Records from a collection
********
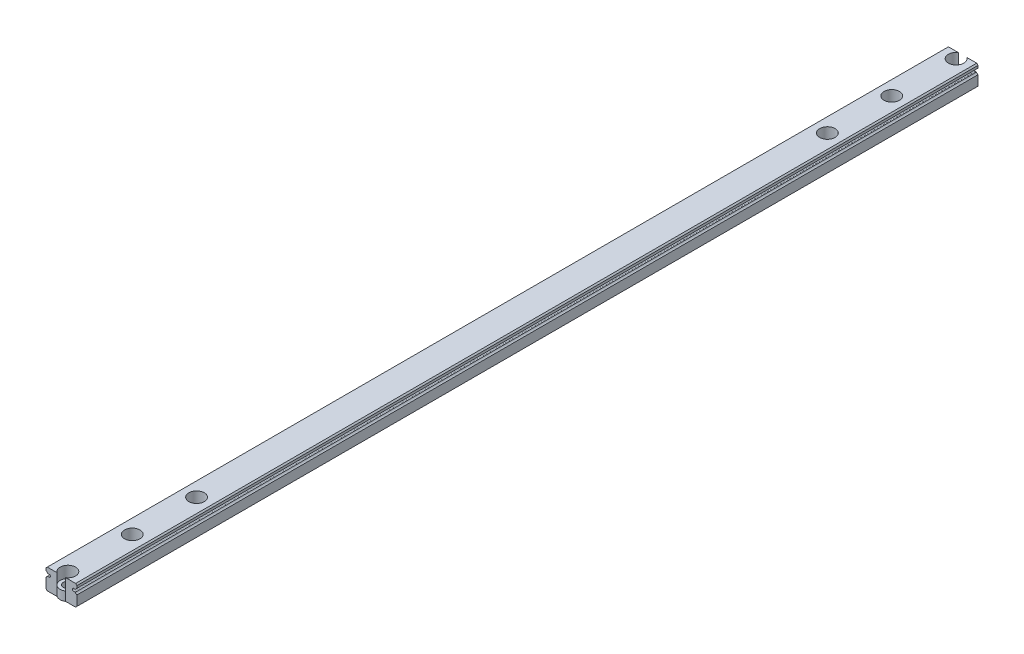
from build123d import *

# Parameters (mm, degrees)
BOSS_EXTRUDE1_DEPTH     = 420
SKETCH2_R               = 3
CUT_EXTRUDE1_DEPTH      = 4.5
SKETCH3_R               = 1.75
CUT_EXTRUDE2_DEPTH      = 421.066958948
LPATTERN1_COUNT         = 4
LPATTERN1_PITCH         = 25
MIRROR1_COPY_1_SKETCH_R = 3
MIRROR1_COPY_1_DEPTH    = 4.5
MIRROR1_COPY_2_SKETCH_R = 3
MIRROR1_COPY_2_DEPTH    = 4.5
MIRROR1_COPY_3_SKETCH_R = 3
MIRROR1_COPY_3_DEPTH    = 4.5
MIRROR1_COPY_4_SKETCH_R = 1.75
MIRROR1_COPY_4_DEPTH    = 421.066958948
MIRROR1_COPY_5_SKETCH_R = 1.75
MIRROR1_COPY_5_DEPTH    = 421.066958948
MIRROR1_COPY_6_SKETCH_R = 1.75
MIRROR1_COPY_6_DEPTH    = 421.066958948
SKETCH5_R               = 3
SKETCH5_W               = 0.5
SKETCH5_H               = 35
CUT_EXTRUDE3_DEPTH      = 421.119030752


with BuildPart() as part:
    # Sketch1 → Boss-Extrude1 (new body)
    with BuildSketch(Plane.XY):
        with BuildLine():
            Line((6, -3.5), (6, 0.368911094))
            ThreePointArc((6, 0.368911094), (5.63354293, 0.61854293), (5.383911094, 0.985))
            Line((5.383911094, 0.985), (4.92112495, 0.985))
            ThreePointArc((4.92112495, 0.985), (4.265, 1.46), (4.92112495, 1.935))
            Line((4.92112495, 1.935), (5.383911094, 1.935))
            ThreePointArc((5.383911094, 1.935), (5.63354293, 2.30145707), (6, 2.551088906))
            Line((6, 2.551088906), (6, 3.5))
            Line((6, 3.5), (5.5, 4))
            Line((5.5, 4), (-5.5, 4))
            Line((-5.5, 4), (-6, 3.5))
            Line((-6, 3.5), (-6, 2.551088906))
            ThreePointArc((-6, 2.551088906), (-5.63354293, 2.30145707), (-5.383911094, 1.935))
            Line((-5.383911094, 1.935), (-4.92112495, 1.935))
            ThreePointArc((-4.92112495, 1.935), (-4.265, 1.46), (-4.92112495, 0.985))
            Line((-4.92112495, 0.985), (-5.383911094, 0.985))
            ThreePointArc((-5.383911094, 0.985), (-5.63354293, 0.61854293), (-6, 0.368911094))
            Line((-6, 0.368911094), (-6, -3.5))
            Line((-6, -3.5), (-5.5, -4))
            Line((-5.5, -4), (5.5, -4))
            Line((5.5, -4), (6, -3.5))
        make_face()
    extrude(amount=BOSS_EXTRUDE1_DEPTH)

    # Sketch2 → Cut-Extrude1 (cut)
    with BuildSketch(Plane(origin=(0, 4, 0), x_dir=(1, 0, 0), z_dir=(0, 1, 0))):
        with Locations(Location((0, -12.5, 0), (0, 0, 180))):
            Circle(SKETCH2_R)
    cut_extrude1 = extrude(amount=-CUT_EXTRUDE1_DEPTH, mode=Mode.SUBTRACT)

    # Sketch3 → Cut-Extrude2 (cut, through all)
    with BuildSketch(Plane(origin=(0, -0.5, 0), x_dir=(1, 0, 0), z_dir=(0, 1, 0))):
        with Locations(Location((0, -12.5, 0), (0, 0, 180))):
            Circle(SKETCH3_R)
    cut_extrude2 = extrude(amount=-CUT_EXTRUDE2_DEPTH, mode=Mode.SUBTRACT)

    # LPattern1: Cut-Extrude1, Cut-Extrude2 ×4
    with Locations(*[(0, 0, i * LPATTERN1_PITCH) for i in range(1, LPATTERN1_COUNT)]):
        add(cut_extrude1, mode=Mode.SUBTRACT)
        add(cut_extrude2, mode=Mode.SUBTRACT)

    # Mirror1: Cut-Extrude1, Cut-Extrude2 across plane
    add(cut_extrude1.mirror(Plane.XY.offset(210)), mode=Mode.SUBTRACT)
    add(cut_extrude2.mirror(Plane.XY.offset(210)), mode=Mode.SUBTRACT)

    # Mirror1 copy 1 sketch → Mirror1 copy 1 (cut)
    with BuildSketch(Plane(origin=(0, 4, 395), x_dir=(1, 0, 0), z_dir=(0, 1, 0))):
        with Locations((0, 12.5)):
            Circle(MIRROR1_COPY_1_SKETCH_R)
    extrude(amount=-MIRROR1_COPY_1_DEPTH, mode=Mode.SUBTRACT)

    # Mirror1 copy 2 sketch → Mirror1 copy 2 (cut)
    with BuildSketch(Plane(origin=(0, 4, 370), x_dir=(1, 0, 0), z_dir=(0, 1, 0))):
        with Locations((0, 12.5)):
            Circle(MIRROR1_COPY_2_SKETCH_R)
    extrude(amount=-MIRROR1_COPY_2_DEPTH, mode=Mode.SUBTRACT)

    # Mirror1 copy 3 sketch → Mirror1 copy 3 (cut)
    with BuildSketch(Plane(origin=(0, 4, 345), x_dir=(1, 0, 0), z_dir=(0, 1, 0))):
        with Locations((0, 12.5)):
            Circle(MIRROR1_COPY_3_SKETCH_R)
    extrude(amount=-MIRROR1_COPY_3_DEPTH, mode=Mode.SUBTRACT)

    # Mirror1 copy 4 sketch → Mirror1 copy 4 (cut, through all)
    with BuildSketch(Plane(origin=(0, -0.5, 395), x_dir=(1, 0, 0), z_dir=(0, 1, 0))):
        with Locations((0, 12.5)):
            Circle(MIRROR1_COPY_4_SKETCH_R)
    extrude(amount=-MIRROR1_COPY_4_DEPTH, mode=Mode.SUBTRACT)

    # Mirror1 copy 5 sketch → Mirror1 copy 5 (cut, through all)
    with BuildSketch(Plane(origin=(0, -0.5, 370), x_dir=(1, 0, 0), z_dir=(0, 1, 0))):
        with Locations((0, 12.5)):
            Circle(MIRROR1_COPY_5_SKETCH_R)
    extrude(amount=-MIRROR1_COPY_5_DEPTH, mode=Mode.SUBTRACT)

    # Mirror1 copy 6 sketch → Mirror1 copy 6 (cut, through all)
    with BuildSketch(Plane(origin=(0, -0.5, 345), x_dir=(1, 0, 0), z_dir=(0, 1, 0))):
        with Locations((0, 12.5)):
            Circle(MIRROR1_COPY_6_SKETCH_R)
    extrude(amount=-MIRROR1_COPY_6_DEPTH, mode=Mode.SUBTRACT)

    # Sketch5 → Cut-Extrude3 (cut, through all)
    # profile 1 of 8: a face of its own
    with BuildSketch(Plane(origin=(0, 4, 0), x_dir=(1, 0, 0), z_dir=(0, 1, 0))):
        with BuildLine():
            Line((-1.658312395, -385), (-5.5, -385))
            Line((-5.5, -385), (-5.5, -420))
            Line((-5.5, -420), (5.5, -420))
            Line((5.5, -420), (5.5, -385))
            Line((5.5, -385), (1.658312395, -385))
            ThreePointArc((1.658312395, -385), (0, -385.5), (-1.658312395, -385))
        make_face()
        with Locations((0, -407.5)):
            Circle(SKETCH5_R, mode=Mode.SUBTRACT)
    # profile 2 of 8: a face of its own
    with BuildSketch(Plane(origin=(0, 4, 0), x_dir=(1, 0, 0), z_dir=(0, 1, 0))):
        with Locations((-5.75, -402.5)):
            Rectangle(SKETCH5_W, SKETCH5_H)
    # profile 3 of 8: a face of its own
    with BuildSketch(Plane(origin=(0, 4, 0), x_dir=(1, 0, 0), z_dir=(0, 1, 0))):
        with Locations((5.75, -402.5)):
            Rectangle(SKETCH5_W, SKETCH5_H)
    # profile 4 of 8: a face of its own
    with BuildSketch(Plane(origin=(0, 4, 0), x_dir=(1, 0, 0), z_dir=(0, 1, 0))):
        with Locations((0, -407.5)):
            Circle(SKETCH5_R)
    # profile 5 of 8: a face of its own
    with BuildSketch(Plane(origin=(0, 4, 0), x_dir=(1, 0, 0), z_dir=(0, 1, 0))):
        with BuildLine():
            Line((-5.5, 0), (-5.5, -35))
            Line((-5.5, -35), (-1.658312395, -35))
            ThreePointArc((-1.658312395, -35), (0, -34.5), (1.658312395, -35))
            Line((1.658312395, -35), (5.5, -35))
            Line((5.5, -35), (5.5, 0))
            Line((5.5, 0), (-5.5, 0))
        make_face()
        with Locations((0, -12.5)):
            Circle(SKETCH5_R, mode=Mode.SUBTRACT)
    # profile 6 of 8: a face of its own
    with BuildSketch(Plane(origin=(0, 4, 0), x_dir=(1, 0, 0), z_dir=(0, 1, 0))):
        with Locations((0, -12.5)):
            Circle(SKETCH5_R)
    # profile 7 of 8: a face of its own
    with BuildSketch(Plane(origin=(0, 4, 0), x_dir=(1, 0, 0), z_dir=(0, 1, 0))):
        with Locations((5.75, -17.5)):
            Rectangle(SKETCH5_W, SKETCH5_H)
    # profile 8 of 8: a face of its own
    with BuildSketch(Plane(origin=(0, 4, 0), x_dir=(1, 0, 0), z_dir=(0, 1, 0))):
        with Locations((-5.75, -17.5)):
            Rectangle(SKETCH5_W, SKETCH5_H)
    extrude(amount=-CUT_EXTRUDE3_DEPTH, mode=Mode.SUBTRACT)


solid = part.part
********
Restate exactly, and only, every line from the one that contains "extrude(amount=-CUT_EXTRUDE3_DEPTH, mode=Mode.SUBTRACT)" through the last line of the records.

» Written solution:
    extrude(amount=-CUT_EXTRUDE3_DEPTH, mode=Mode.SUBTRACT)


solid = part.part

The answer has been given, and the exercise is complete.